What to produce =
From the line containing "contours A1 | L0 A0" down to the line containing "line L3 (-0.25, 1.02) -> (-0.25, 1.52)" in the records below, reproduce every line exactly, ends included, and omit all others.

────────────────────────────────────────

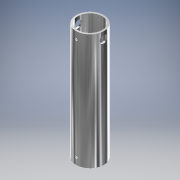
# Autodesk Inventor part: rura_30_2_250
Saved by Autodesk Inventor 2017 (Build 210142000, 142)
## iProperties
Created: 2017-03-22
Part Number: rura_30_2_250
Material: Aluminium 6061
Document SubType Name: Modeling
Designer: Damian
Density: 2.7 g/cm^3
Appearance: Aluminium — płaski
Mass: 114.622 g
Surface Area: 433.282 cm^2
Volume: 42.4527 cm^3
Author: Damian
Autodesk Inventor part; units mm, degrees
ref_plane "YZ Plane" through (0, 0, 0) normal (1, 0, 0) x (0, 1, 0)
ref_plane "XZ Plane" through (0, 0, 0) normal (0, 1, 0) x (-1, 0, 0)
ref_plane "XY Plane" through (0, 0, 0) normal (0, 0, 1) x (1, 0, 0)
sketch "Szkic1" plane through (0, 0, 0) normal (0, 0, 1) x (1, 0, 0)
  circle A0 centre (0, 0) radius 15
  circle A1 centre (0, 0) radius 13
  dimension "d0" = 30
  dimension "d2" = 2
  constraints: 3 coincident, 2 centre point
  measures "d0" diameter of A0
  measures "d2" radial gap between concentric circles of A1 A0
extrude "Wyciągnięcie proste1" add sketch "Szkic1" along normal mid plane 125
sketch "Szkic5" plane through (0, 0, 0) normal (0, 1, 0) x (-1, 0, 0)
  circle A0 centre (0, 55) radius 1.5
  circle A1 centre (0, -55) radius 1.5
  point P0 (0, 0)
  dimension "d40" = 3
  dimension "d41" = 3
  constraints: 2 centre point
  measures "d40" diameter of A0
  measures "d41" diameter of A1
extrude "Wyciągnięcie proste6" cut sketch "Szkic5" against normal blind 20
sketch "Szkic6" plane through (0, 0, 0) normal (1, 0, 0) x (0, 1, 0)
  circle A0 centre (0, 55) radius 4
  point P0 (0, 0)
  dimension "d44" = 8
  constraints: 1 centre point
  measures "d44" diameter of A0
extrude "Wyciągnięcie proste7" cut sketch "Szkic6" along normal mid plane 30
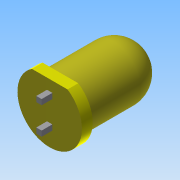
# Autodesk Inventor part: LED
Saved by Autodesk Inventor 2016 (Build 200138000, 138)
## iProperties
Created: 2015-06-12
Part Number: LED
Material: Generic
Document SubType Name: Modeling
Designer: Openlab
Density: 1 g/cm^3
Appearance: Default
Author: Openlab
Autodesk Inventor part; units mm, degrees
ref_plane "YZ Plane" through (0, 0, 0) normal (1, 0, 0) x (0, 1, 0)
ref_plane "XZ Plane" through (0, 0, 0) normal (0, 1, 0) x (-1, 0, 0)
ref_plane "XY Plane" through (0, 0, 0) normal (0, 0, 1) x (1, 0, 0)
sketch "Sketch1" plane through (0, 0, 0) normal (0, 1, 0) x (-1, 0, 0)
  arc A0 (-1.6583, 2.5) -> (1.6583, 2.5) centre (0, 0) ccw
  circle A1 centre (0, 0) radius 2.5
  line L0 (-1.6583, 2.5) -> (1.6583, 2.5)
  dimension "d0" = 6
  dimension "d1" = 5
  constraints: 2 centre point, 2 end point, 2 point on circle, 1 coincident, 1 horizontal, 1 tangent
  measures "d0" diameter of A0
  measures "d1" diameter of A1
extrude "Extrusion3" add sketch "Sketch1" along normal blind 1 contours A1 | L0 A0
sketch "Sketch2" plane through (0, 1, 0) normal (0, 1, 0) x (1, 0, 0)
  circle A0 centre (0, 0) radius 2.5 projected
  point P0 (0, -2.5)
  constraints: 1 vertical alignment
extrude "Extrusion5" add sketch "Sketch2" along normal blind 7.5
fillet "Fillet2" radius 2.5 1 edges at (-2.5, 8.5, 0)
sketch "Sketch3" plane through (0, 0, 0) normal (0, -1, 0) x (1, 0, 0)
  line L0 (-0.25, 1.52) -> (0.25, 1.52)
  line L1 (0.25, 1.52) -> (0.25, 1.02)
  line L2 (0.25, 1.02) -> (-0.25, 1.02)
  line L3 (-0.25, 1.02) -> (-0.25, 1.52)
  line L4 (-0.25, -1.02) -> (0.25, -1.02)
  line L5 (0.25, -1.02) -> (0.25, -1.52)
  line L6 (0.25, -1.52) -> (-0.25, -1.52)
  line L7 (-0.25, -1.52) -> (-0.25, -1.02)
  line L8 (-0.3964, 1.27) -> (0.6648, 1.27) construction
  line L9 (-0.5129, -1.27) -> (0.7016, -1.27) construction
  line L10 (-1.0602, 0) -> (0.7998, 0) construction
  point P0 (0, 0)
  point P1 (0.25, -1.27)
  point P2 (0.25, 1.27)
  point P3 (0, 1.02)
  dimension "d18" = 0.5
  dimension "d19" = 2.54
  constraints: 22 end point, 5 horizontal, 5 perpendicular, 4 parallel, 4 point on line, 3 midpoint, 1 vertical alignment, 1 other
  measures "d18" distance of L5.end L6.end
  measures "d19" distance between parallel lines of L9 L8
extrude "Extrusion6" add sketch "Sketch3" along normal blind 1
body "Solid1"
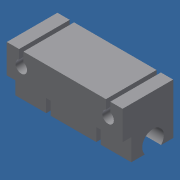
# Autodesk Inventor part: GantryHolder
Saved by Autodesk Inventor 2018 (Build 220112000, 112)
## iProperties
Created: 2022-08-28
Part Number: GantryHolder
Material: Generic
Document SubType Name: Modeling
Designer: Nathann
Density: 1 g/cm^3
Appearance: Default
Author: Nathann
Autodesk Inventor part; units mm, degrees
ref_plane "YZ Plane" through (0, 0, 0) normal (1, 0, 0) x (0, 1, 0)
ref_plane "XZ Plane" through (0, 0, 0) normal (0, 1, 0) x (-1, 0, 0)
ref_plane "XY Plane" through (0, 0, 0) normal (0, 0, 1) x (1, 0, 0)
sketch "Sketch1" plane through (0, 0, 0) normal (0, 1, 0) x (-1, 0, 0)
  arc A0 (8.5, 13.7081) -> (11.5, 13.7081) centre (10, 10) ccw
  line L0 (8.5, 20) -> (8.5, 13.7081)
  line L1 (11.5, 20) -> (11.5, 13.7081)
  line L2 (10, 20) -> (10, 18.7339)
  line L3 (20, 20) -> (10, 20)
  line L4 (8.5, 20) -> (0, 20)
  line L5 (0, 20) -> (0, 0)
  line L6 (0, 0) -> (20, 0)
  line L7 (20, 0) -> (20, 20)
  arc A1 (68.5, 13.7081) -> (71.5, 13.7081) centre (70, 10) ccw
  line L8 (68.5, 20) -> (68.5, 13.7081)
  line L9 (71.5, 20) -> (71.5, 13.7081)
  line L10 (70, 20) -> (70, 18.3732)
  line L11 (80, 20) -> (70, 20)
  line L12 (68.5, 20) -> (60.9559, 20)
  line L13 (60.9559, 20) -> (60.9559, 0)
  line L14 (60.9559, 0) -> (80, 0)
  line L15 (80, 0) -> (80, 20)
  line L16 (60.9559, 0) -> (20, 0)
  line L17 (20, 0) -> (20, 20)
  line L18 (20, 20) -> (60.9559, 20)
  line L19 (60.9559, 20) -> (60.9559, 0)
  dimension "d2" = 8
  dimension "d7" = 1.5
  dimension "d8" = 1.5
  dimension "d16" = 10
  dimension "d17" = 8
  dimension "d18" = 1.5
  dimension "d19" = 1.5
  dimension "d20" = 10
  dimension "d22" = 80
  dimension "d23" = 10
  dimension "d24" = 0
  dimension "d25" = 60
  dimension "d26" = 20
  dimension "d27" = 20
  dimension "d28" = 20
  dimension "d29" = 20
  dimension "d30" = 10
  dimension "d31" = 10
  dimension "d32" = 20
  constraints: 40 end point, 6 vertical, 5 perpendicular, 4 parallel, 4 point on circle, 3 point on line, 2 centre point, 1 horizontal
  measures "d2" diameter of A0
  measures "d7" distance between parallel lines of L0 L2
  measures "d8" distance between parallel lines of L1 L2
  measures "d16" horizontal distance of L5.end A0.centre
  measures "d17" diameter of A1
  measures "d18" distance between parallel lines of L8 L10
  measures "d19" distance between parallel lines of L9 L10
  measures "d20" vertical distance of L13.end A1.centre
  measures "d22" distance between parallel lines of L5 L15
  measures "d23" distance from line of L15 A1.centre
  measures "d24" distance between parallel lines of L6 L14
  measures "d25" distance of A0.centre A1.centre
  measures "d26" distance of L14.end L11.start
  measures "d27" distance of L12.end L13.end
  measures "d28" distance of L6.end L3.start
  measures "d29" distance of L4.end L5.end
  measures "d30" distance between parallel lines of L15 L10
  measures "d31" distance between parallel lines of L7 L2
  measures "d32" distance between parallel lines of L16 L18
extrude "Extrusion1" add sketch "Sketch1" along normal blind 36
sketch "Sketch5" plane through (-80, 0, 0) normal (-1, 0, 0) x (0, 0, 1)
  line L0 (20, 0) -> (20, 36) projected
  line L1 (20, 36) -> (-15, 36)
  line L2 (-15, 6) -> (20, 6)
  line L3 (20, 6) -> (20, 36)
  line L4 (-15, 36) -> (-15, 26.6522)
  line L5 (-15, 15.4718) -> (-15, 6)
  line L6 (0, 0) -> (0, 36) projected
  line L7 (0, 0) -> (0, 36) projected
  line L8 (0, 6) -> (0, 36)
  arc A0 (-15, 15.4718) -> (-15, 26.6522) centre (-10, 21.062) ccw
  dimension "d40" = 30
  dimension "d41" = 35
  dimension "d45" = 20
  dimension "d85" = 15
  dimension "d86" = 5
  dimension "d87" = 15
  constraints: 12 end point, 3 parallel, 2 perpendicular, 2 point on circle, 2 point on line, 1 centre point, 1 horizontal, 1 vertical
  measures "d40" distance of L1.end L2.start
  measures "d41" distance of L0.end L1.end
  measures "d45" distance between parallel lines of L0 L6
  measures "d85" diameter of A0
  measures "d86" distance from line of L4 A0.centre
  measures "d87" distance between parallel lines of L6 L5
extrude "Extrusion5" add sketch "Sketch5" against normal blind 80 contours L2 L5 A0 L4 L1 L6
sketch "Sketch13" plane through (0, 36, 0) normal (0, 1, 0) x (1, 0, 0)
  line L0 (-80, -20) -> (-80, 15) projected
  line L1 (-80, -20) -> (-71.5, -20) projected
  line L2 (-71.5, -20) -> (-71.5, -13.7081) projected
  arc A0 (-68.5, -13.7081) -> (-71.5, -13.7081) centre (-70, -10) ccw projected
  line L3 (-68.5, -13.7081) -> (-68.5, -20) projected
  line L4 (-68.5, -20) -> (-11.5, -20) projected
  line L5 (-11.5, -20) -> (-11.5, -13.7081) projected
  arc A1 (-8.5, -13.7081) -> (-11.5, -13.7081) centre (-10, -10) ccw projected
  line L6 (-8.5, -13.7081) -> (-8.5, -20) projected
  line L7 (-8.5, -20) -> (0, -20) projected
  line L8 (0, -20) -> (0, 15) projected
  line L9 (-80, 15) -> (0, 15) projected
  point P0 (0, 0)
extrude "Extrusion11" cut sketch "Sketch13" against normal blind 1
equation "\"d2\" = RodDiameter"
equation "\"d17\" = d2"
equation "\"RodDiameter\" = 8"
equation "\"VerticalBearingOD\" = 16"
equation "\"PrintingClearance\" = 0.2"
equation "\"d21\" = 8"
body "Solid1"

────────────────────────────────────────

Answer to this problem =
extrude "Extrusion3" add sketch "Sketch1" along normal blind 1 contours A1 | L0 A0
sketch "Sketch2" plane through (0, 1, 0) normal (0, 1, 0) x (1, 0, 0)
  circle A0 centre (0, 0) radius 2.5 projected
  point P0 (0, -2.5)
  constraints: 1 vertical alignment
extrude "Extrusion5" add sketch "Sketch2" along normal blind 7.5
fillet "Fillet2" radius 2.5 1 edges at (-2.5, 8.5, 0)
sketch "Sketch3" plane through (0, 0, 0) normal (0, -1, 0) x (1, 0, 0)
  line L0 (-0.25, 1.52) -> (0.25, 1.52)
  line L1 (0.25, 1.52) -> (0.25, 1.02)
  line L2 (0.25, 1.02) -> (-0.25, 1.02)
  line L3 (-0.25, 1.02) -> (-0.25, 1.52)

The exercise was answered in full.